If you'd like to contribute, these are the things that still need to be done:

  • Use youtube-dl python module instead of actual youtube-dl.exe file. This allows us to remove the youtube-dl folder in this repo.
  • Make script compatible with youtube-data API (and make this option optional), so you don't have to open the channel URL in a browser to grab the HTML and then obtain the videos.
  • Include timestamps in MATCHES.txt (DONE)
  • Add max_duration argument for the argparser
  • Finish FAQ section in this readme
  • Create and test setup file for Windows and Linux to make installation quicker.

FAQ

  • How to check a YouTube channel?

    > python find_stable.py -c CHANNEL_ID
    
  • Can I add my own songs to the database?

    Yes, itspoma made this possible. Just upload that mp3 file into the "mp3" folder. Now do python collect-fingerprints-of-songs.py. Any song in the 'mp3' folder that was previously added already will be skipped. The song is now added into the database and can be recognised. For more info please check out itspoma's repo.

    Note: Make sure that the audio you're adding to the database was downloaded from YouTube! This has to do with how YouTube processes audio. If you download something from YouTube and compare it to something downloaded from YouTube, you are likely not to miss a match. If the audio you put in the database is not download from YouTube, you might see that the bot does not find a match.
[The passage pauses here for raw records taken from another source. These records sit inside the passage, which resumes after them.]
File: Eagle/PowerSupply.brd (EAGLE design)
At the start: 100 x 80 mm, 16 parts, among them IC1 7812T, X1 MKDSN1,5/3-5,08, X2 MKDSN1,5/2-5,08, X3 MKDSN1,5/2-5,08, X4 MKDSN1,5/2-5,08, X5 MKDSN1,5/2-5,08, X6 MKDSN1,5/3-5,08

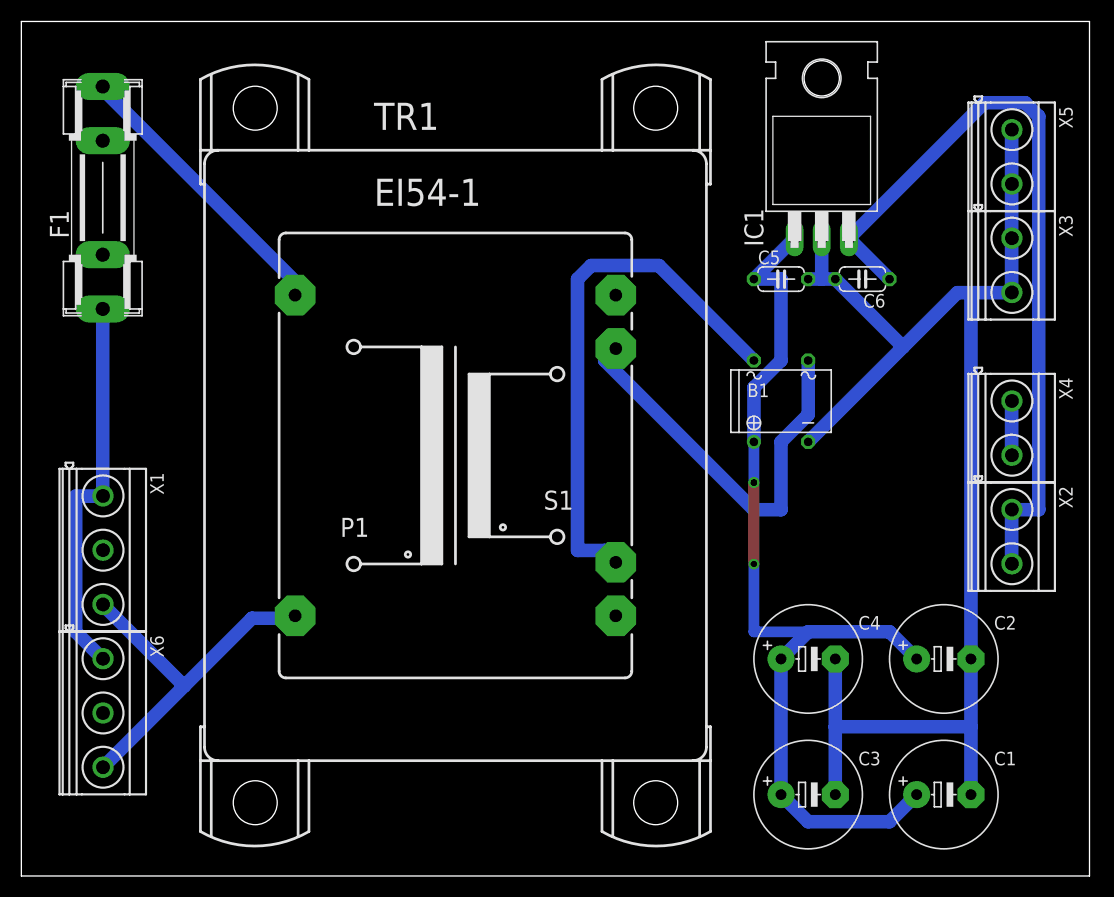
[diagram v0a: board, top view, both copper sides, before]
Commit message: - AntennaBoard: ERC errors fixed, worked on board and DRC - PowerSupply: ERC & DRC errors fixed
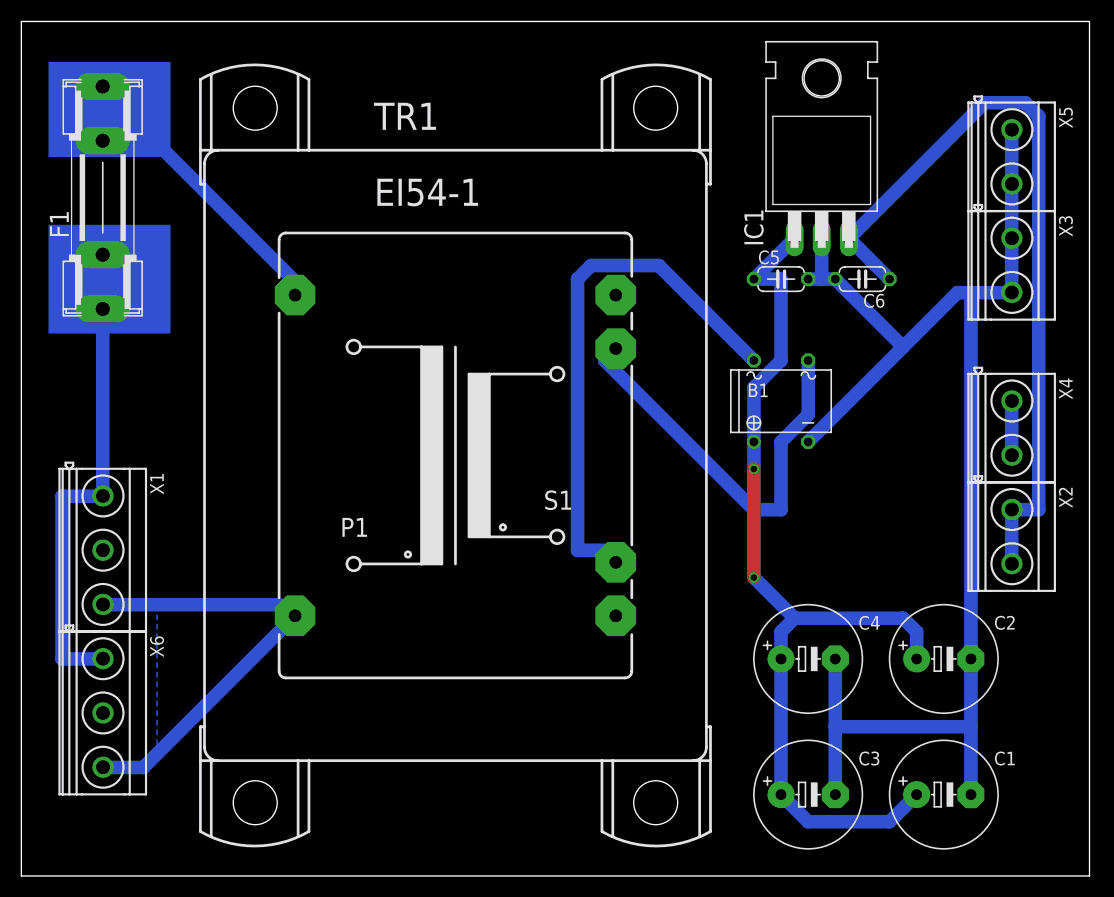
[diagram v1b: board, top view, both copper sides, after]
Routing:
- net N$8: track 34.7 -> 41.9 mm
- net N$1: track 36.4 -> 40.5 mm
- net N$6: track 89.4 -> 88.6 mm
- added copper zone on layer 16, net N$8
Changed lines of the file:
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@@
 <wire x1="100" y1="80" x2="0" y2="80" width="0" layer="20"/>
 <wire x1="0" y1="80" x2="0" y2="0" width="0" layer="20"/>
+<rectangle x1="2.54" y1="67.31" x2="13.97" y2="76.2" layer="16"/>
+<rectangle x1="2.54" y1="50.8" x2="13.97" y2="60.96" layer="16"/>
 </plain>
 <attributes>
@@
 <contactref element="X1" pad="1"/>
 <contactref element="X6" pad="1"/>
-<wire x1="5.08" y1="22.86" x2="7.62" y2="20.32" width="1.27" layer="16"/>
-<wire x1="5.08" y1="35.56" x2="5.08" y2="22.86" width="1.27" layer="16"/>
-<wire x1="7.62" y1="35.56" x2="5.08" y2="35.56" width="1.27" layer="16"/>
 <wire x1="7.62" y1="20.32" x2="7.645" y2="20.3411" width="1.27" layer="16"/>
 <wire x1="7.62" y1="35.56" x2="7.62" y2="53.086" width="1.27" layer="16"/>
 <wire x1="7.62" y1="35.56" x2="7.645" y2="35.5811" width="1.27" layer="16"/>
+<wire x1="7.62" y1="20.32" x2="3.81" y2="20.32" width="1.27" layer="16"/>
+<wire x1="3.81" y1="20.32" x2="3.81" y2="35.56" width="1.27" layer="16"/>
+<wire x1="3.81" y1="35.56" x2="7.62" y2="35.56" width="1.27" layer="16"/>
 </signal>
 <signal name="N$2">
@@
 <wire x1="7.62" y1="73.66" x2="7.62" y2="73.914" width="1.27" layer="16"/>
 <wire x1="26.67" y1="54.61" x2="25.6286" y2="54.3814" width="1.27" layer="16"/>
-</signal>
-<signal name="N$3">
-<contactref element="TR1" pad="7"/>
-<contactref element="X1" pad="3"/>
-<contactref element="X6" pad="3"/>
-<wire x1="21.59" y1="24.13" x2="15.24" y2="17.78" width="1.27" layer="16"/>
-<wire x1="15.24" y1="17.78" x2="7.62" y2="10.16" width="1.27" layer="16"/>
-<wire x1="25.4" y1="24.13" x2="21.59" y2="24.13" width="1.27" layer="16"/>
-<wire x1="7.62" y1="10.16" x2="7.645" y2="10.1811" width="1.27" layer="16"/>
-<wire x1="25.4" y1="24.13" x2="25.6286" y2="24.3586" width="1.27" layer="16"/>
-<wire x1="15.24" y1="17.78" x2="7.62" y2="25.4" width="1.27" layer="16"/>
-<wire x1="7.62" y1="25.4" x2="7.645" y2="25.4211" width="1.27" layer="16"/>
 </signal>
 <signal name="N$4">
@@
 <wire x1="73.66" y1="5.08" x2="81.28" y2="5.08" width="1.27" layer="16"/>
 <wire x1="71.12" y1="7.62" x2="73.66" y2="5.08" width="1.27" layer="16"/>
-<wire x1="68.58" y1="40.64" x2="68.58" y2="36.83" width="1.016" layer="16"/>
-<via x="68.58" y="36.83" extent="1-16" drill="0.6"/>
-<wire x1="68.58" y1="36.83" x2="68.58" y2="29.21" width="1.016" layer="1"/>
-<wire x1="81.28" y1="22.86" x2="83.82" y2="20.32" width="1.27" layer="16"/>
-<wire x1="73.66" y1="22.86" x2="81.28" y2="22.86" width="1.27" layer="16"/>
-<wire x1="71.12" y1="20.32" x2="73.66" y2="22.86" width="1.27" layer="16"/>
-<via x="68.58" y="36.83" extent="1-16" drill="0.6"/>
-<wire x1="73.66" y1="22.86" x2="68.58" y2="22.86" width="1.016" layer="16"/>
-<wire x1="68.58" y1="22.86" x2="68.58" y2="29.21" width="1.016" layer="16"/>
-<wire x1="68.58" y1="29.21" x2="68.58" y2="29.21" width="0" layer="19" extent="1-16"/>
+<wire x1="83.82" y1="20.32" x2="83.82" y2="22.86" width="1.27" layer="16"/>
+<wire x1="83.82" y1="22.86" x2="82.55" y2="24.13" width="1.27" layer="16"/>
+<wire x1="82.55" y1="24.13" x2="72.39" y2="24.13" width="1.27" layer="16"/>
+<wire x1="72.39" y1="24.13" x2="71.12" y2="22.86" width="1.27" layer="16"/>
+<wire x1="71.12" y1="22.86" x2="71.12" y2="20.32" width="1.27" layer="16"/>
+<wire x1="72.39" y1="24.13" x2="68.58" y2="27.94" width="1.27" layer="16"/>
+<via x="68.58" y="27.94" extent="1-16" drill="0.6" shape="square"/>
+<wire x1="68.58" y1="27.94" x2="68.58" y2="38.1" width="1.27" layer="1"/>
+<via x="68.58" y="38.1" extent="1-16" drill="0.6" shape="square"/>
+<wire x1="68.58" y1="38.1" x2="68.58" y2="40.64" width="1.27" layer="16"/>
 </signal>
 <signal name="+12V">
@@
 </signal>
 <signal name="N$8">
-<via x="68.58" y="29.21" extent="1-16" drill="0.6"/>
+<polygon width="1.27" layer="16">
+<vertex x="12.7" y="25.4"/>
+<vertex x="12.7" y="11.43"/>
+<vertex x="25.4" y="24.13"/>
+<vertex x="24.13" y="25.4"/>
+</polygon>
+<contactref element="TR1" pad="7"/>
+<contactref element="X1" pad="3"/>
+<contactref element="X6" pad="3"/>
+<wire x1="7.645" y1="25.4211" x2="7.6661" y2="25.4" width="1.27" layer="16"/>
+<wire x1="7.6661" y1="25.4" x2="24.13" y2="25.4" width="1.27" layer="16"/>
+<wire x1="24.13" y1="25.4" x2="25.4" y2="24.13" width="1.27" layer="16"/>
+<wire x1="25.4" y1="24.13" x2="11.43" y2="10.16" width="1.27" layer="16"/>
+<wire x1="11.43" y1="10.16" x2="7.62" y2="10.16" width="1.27" layer="16"/>
+<wire x1="25.4" y1="24.13" x2="25.6286" y2="24.3586" width="0" layer="19" extent="16-16"/>
+<wire x1="7.645" y1="10.1811" x2="7.62" y2="10.16" width="0" layer="19" extent="16-16"/>
 </signal>
 </signals>

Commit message: - fixed some error, re-routing done
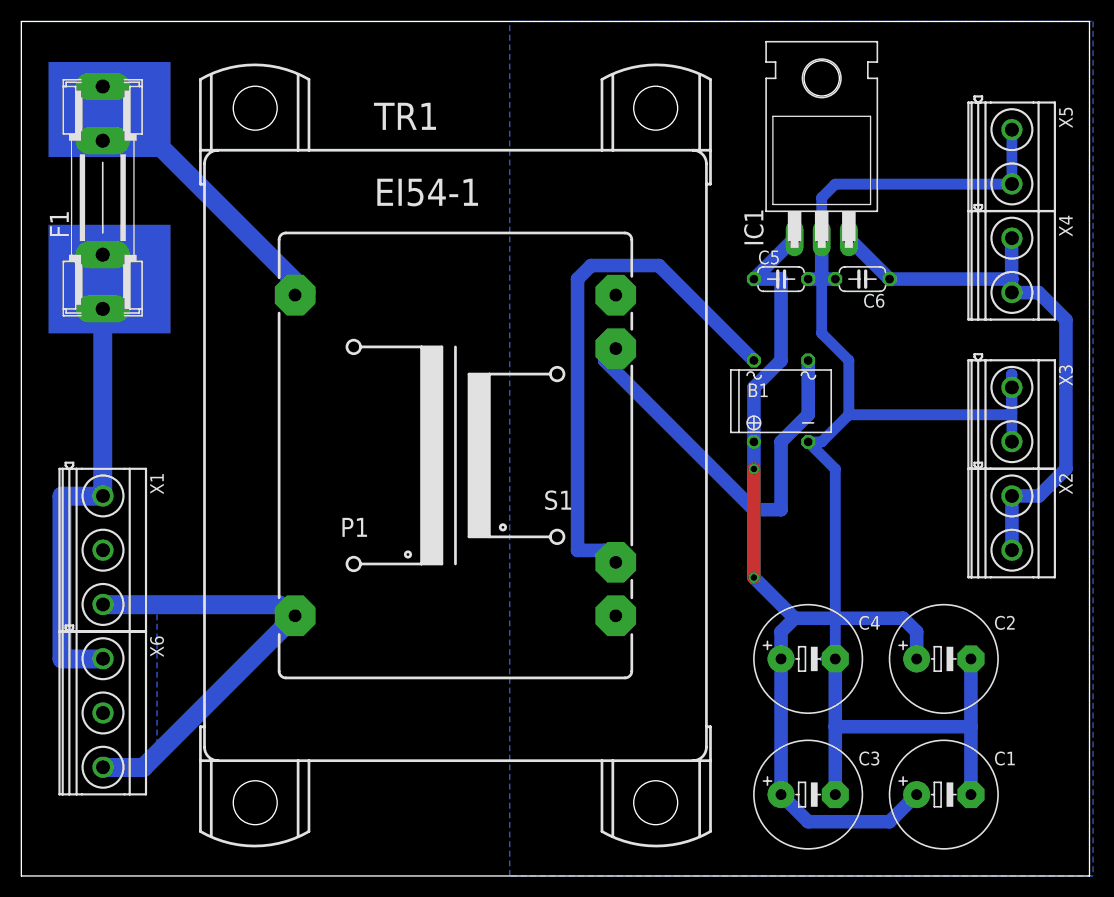
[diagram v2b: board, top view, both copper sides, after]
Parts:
- moved X4 15.2 mm to (92.7, 57.1)
- moved X3 14.0 mm to (92.7, 43.2)
- moved X2 1.27 mm to (92.7, 33.0)
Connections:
- removed net N$7: X4.1, X4.2
- net +12V: now also X4.1, X4.2
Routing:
- net +12V: track 73.5 -> 53.2 mm
- net 0V: track 127.9 -> 142.7 mm
- net N$7: track 5.15 -> 0.00 mm
- added copper zone on layer 16, net N$3
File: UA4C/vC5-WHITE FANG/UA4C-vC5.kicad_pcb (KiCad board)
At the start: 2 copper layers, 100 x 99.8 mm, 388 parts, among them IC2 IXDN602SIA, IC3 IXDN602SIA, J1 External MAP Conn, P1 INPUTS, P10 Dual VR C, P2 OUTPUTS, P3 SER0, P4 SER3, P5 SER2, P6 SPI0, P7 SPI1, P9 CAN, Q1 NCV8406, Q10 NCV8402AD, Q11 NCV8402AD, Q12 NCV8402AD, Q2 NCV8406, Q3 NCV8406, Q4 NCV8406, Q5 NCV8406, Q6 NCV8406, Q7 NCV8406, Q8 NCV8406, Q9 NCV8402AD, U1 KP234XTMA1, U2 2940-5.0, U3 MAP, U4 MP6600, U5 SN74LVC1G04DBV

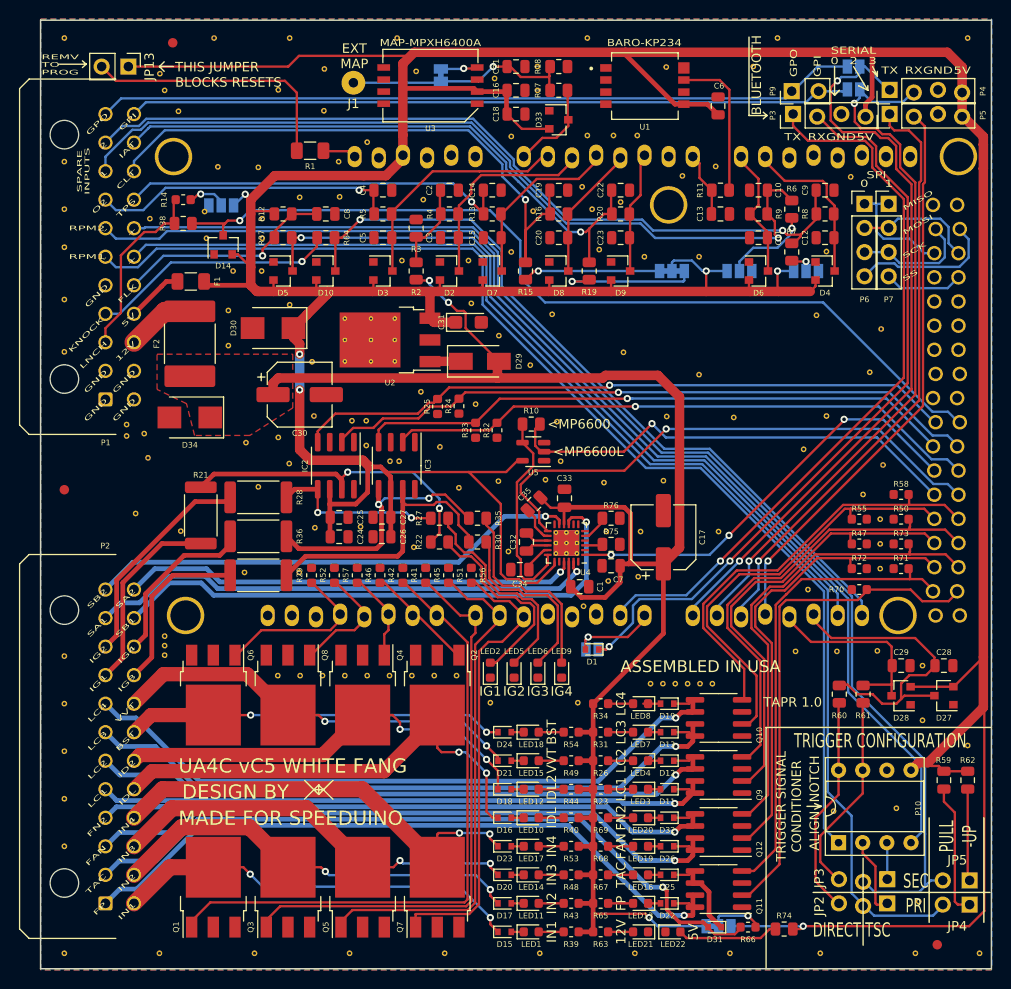
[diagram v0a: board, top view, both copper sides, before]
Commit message: Added TUNETECH logo instead of ASSEMBLED IN THE US
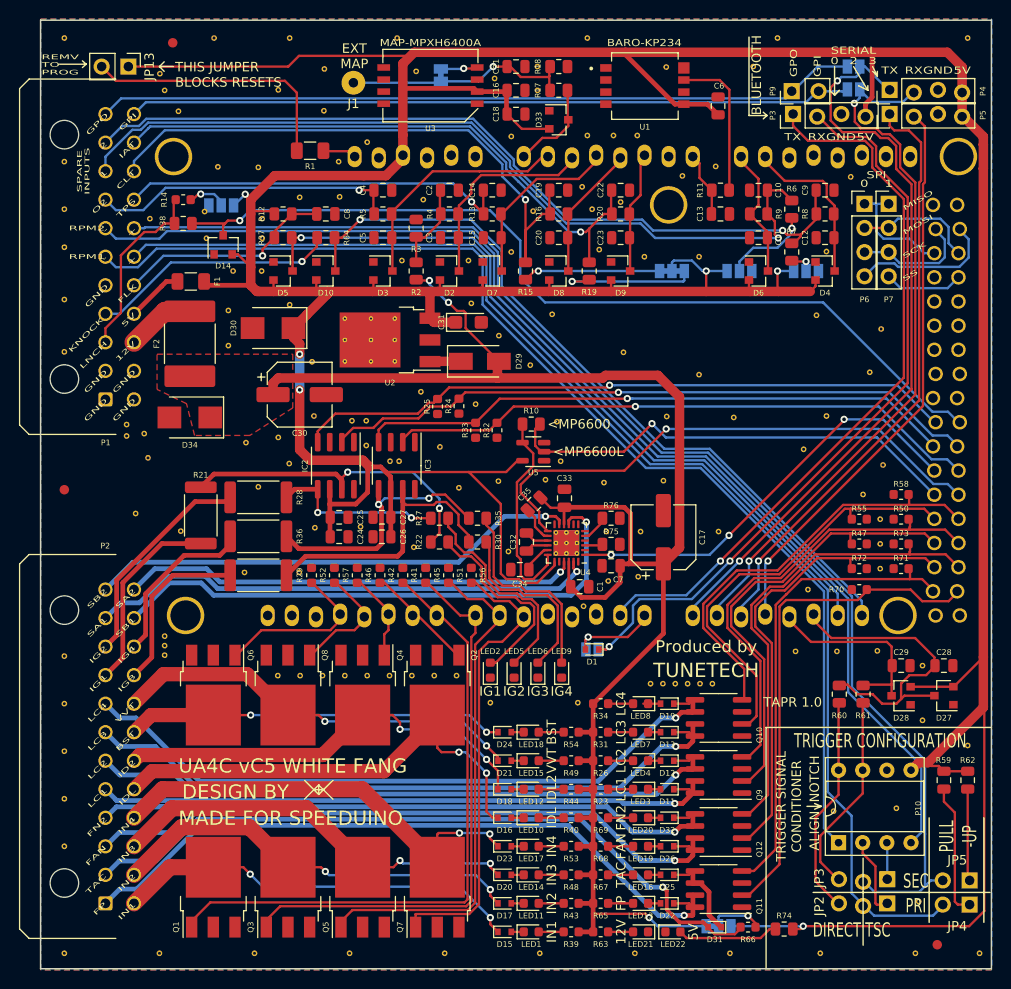
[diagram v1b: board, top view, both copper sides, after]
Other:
- board text added: "Produced by"
- board text added: "TUNETECH"
- board text removed: "ASSEMBLED IN USA"

I know this is very strange but unfortunately I have no idea why this happens.

  • Is it storage efficient?

    After installing the necessary modules, yes. The bot automatically deletes mp3 files after they have been checked against the database.

  • What is the optimal number of threads?

    After doing a couple of quick tests, I got these results:

    • # of threads = 1: 12 videos took 98.53 seconds
    • # of threads = 2: 12 videos took 57.15 seconds
    • # of threads = 3: 12 videos took 50.21 seconds
    • # of threads = 4: 12 videos took 51.58 seconds
    • # of threads = 5: 12 videos took 55.09 seconds

    Therefore it seems like 3 threads is a good option. And after doing some tests with a larger number of videos, I got these results: [To be finished]

  • How does it work in detail?

    First we have to get all the video IDs from a YouTube channel. This is not possbile by simply using requests or beautifulsoup. We would have to open the browser ourselves going down all the way to the bottom of the page, but we can also do this with a webbot so we don't have to do it ourselves.

    Then it downloads the HTML source. From this HTML file we can obtain all the video IDs and their time length without the need of the YouTube API (which costs money). For every video the following is done:

    1. If the video length is less than 4 minutes, download the audio from the video in mp3 format using youtube-dl.
    2. Fingerprint the song.
    3. Match the fingerprint against the database.
    4. If there are more than 100 hashes that match, print this on the screen and add it to a "MATCHES.txt" file.